─── Extracted data ───

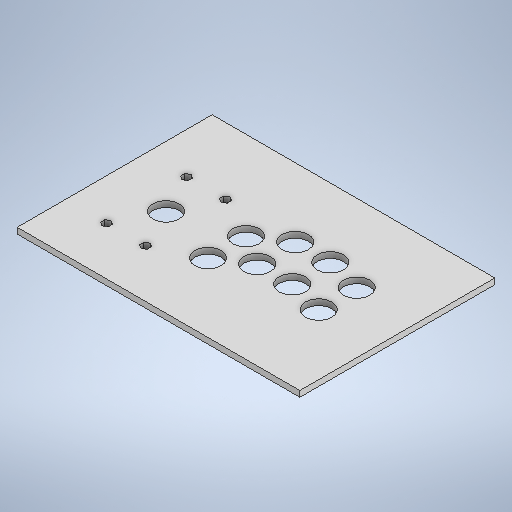
# Autodesk Inventor part: sega_straight_b1_v2
Saved by Autodesk Inventor 2025 (Build 290162010, 162A)
## iProperties
Created: 2022-12-25
Part Number: sega_straight_b1_v2
Material: Generic
Document SubType Name: Modeling
Designer: Bunny
Density: 1 g/cm^3
Appearance: Default
Author: Bunny
Autodesk Inventor part; units mm, degrees
ref_plane "YZ Plane" through (0, 0, 0) normal (1, 0, 0) x (0, 1, 0)
ref_plane "XZ Plane" through (0, 0, 0) normal (0, 1, 0) x (-1, 0, 0)
ref_plane "XY Plane" through (0, 0, 0) normal (0, 0, 1) x (1, 0, 0)
sketch "Sketch1" plane through (0, 0, 0) normal (0, 1, 0) x (-1, 0, 0)
  line L0 (145, -100) -> (-145, -100)
  line L1 (-145, -100) -> (-145, 100)
  line L2 (-145, 100) -> (145, 100)
  line L3 (145, 100) -> (145, -100)
  line L4 (210, 0) -> (-210, 0) projected
  line L5 (0, -140) -> (0, 140) projected
  point P0 (0, 0)
  dimension "d30" = 290
  dimension "d31" = 200
  constraints: 8 end point, 2 parallel, 1 horizontal, 1 perpendicular, 2 other
  measures "d30" distance of L0.start L0.end
  measures "d31" distance of L0.end L1.end
extrude "Extrusion1" add sketch "Sketch1" along normal blind 6
sketch "Sketch2" plane through (0, 6, 0) normal (0, 1, 0) x (1, 0, 0)
  circle A0 centre (-19.75, -29.5) radius 13.5
  circle A1 centre (-82.75, -9.5) radius 13.5
  circle A2 centre (-19.75, 9.5) radius 13.5
  circle A3 centre (46.75, 29.5) radius 13.5
  circle A4 centre (82.75, 20.5) radius 13.5
  circle A5 centre (10.75, 29.5) radius 13.5
  circle A6 centre (10.75, -9.5) radius 13.5
  circle A7 centre (46.75, -9.5) radius 13.5
  circle A8 centre (82.75, -18.5) radius 13.5
  line L0 (-96.25, 43) -> (96.25, 43)
  line L1 (96.25, 43) -> (96.25, -43)
  line L2 (96.25, -43) -> (-96.25, -43)
  line L3 (-96.25, -43) -> (-96.25, 43)
  line L4 (145, 100) -> (-145, 100) projected
  line L5 (145, -100) -> (145, 100) projected
  line L6 (0, 140) -> (0, -140) projected
  line L7 (-210, 0) -> (210, 0) projected
  line L8 (-102.75, 31.5) -> (-62.75, 31.5)
  line L9 (-62.75, 31.5) -> (-62.75, -50.5)
  line L10 (-62.75, -50.5) -> (-102.75, -50.5)
  line L11 (-102.75, -50.5) -> (-102.75, 31.5)
  line L12 (-106.75, 33.8094) -> (-102.75, 36.1188)
  line L13 (-102.75, 36.1188) -> (-98.75, 33.8094)
  line L14 (-98.75, 33.8094) -> (-98.75, 29.1906)
  line L15 (-98.75, 29.1906) -> (-102.75, 26.8812)
  line L16 (-102.75, 26.8812) -> (-106.75, 29.1906)
  line L17 (-106.75, 29.1906) -> (-106.75, 33.8094)
  line L18 (-62.75, 36.1188) -> (-58.75, 33.8094)
  line L19 (-58.75, 33.8094) -> (-58.75, 29.1906)
  line L20 (-58.75, 29.1906) -> (-62.75, 26.8812)
  line L21 (-62.75, 26.8812) -> (-66.75, 29.1906)
  line L22 (-66.75, 29.1906) -> (-66.75, 33.8094)
  line L23 (-66.75, 33.8094) -> (-62.75, 36.1188)
  line L24 (-102.75, -45.8812) -> (-98.75, -48.1906)
  line L25 (-98.75, -48.1906) -> (-98.75, -52.8094)
  line L26 (-98.75, -52.8094) -> (-102.75, -55.1188)
  line L27 (-102.75, -55.1188) -> (-106.75, -52.8094)
  line L28 (-106.75, -52.8094) -> (-106.75, -48.1906)
  line L29 (-106.75, -48.1906) -> (-102.75, -45.8812)
  line L30 (-62.75, -45.8812) -> (-58.75, -48.1906)
  line L31 (-58.75, -48.1906) -> (-58.75, -52.8094)
  line L32 (-58.75, -52.8094) -> (-62.75, -55.1188)
  line L33 (-62.75, -55.1188) -> (-66.75, -52.8094)
  line L34 (-66.75, -52.8094) -> (-66.75, -48.1906)
  line L35 (-66.75, -48.1906) -> (-62.75, -45.8812)
  point P0 (-58.75, 31.5)
  point P1 (-98.75, -50.5)
  point P2 (-106.75, -50.5)
  point P3 (-66.75, -50.5)
  point P4 (-58.75, -50.5)
  dimension "d3" = 27
  dimension "d19" = 30.5
  dimension "d20" = 36
  dimension "d23" = 19
  dimension "d24" = 9
  dimension "d25" = 36
  dimension "d26" = 11
  dimension "d27" = 9
  dimension "d28" = 11
  dimension "d29" = 63
  dimension "d35" = 41
  dimension "d36" = 41
  dimension "d37" = 20
  dimension "d38" = 20
  dimension "d54" = 8
  dimension "d55" = 8
  dimension "d56" = 8
  dimension "d57" = 8
  constraints: 64 end point, 9 centre point, 8 equal radius, 5 midpoint, 5 parallel, 4 coincident, 4 tangent, 4 vertical alignment, 3 horizontal alignment, 2 horizontal, 2 perpendicular, 2 point on line, 54 other
  measures "d3" diameter of A1
  measures "d19" horizontal distance of A0.centre A6.centre
  measures "d20" distance of A7.centre A6.centre
  measures "d23" vertical distance of A6.centre A2.centre
  measures "d24" vertical distance of A8.centre A6.centre
  measures "d25" horizontal distance of A8.centre A7.centre
  measures "d26" vertical distance of A0.centre A8.centre
  measures "d27" vertical distance of A4.centre A5.centre
  measures "d28" vertical distance of A2.centre A4.centre
  measures "d29" horizontal distance of A0.centre A1.centre
  measures "d35" distance from line of L8 A1.centre
  measures "d36" distance from line of L10 A1.centre
  measures "d37" distance from line of L11 A1.centre
  measures "d38" distance from line of L9 A1.centre
  measures "d54" distance between parallel lines of L14 L17
  measures "d55" distance from line of point (-58.75, 31.5) L22
  measures "d56" distance of point (-98.75, -50.5) point (-106.75, -50.5)
  measures "d57" distance of point (-66.75, -50.5) point (-58.75, -50.5)
extrude "Extrusion2" cut sketch "Sketch2" against normal blind 30 contours A0 | A8 | L6 A6 L7 | A6 L6 | L30 L31 L32 L33 L34 L10 L9 | L9 L10 L34 L35 | A1 L7 | L7 A1 | L7 A2 | A2 L7 | L21 L22 L8 L9 | L9 L8 L22 L23 L18 L19 L20 | A4 | A3 | A6 L7 | L7 A7 | A7 L7 | L6 A5 | A5 L6 | L25 L26 L27 L28 L29 L11 L10 | L10 L11 L24 L25 | L14 L15 L11 L8 | L8 L11 L16 L17 L12 L13 L14 picked at (6.7806, -6.3333)
equation "\"d30\" = BoxLength"
equation "\"d31\" = BoxWidth"
equation "\"d3\" = JS_Hole_dia"
equation "\"d36\" = 0.5 * JS_SH_L"
equation "\"d37\" = 0.5 * JS_SH_W"
equation "\"d38\" = 0.5 * JS_SH_W"
equation "\"d55\" = JS_SH_hex_width"
equation "\"d56\" = JS_SH_hex_width"
equation "\"d57\" = JS_SH_hex_width"
equation "\"BoxLength\" = 290"
equation "\"BoxWidth\" = 200"
equation "\"JS_SH_L\" = 82"
equation "\"JS_SH_dia\" = 5"
equation "\"SheetThickness\" = 6"
equation "\"CornerOffset\" = 5"
equation "\"NutS\" = 5.7"
equation "\"NutThreadD2\" = 4.17"
equation "\"SideNutWidth\" = 2.5"
equation "\"JS_Hole_dia\" = 27"
equation "\"JS_SH_hex_width\" = 8"
equation "\"JS_SH_W\" = 40"
body "Solid1"

───

To do: All that is wanted is an exact copy of the lines above from the one with "line L14 (-98.75, 33.8094)" through the one with "line L24 (-102.75, -45.8812)", with both ends included.

Exercise output:
  line L14 (-98.75, 33.8094) -> (-98.75, 29.1906)
  line L15 (-98.75, 29.1906) -> (-102.75, 26.8812)
  line L16 (-102.75, 26.8812) -> (-106.75, 29.1906)
  line L17 (-106.75, 29.1906) -> (-106.75, 33.8094)
  line L18 (-62.75, 36.1188) -> (-58.75, 33.8094)
  line L19 (-58.75, 33.8094) -> (-58.75, 29.1906)
  line L20 (-58.75, 29.1906) -> (-62.75, 26.8812)
  line L21 (-62.75, 26.8812) -> (-66.75, 29.1906)
  line L22 (-66.75, 29.1906) -> (-66.75, 33.8094)
  line L23 (-66.75, 33.8094) -> (-62.75, 36.1188)
  line L24 (-102.75, -45.8812) -> (-98.75, -48.1906)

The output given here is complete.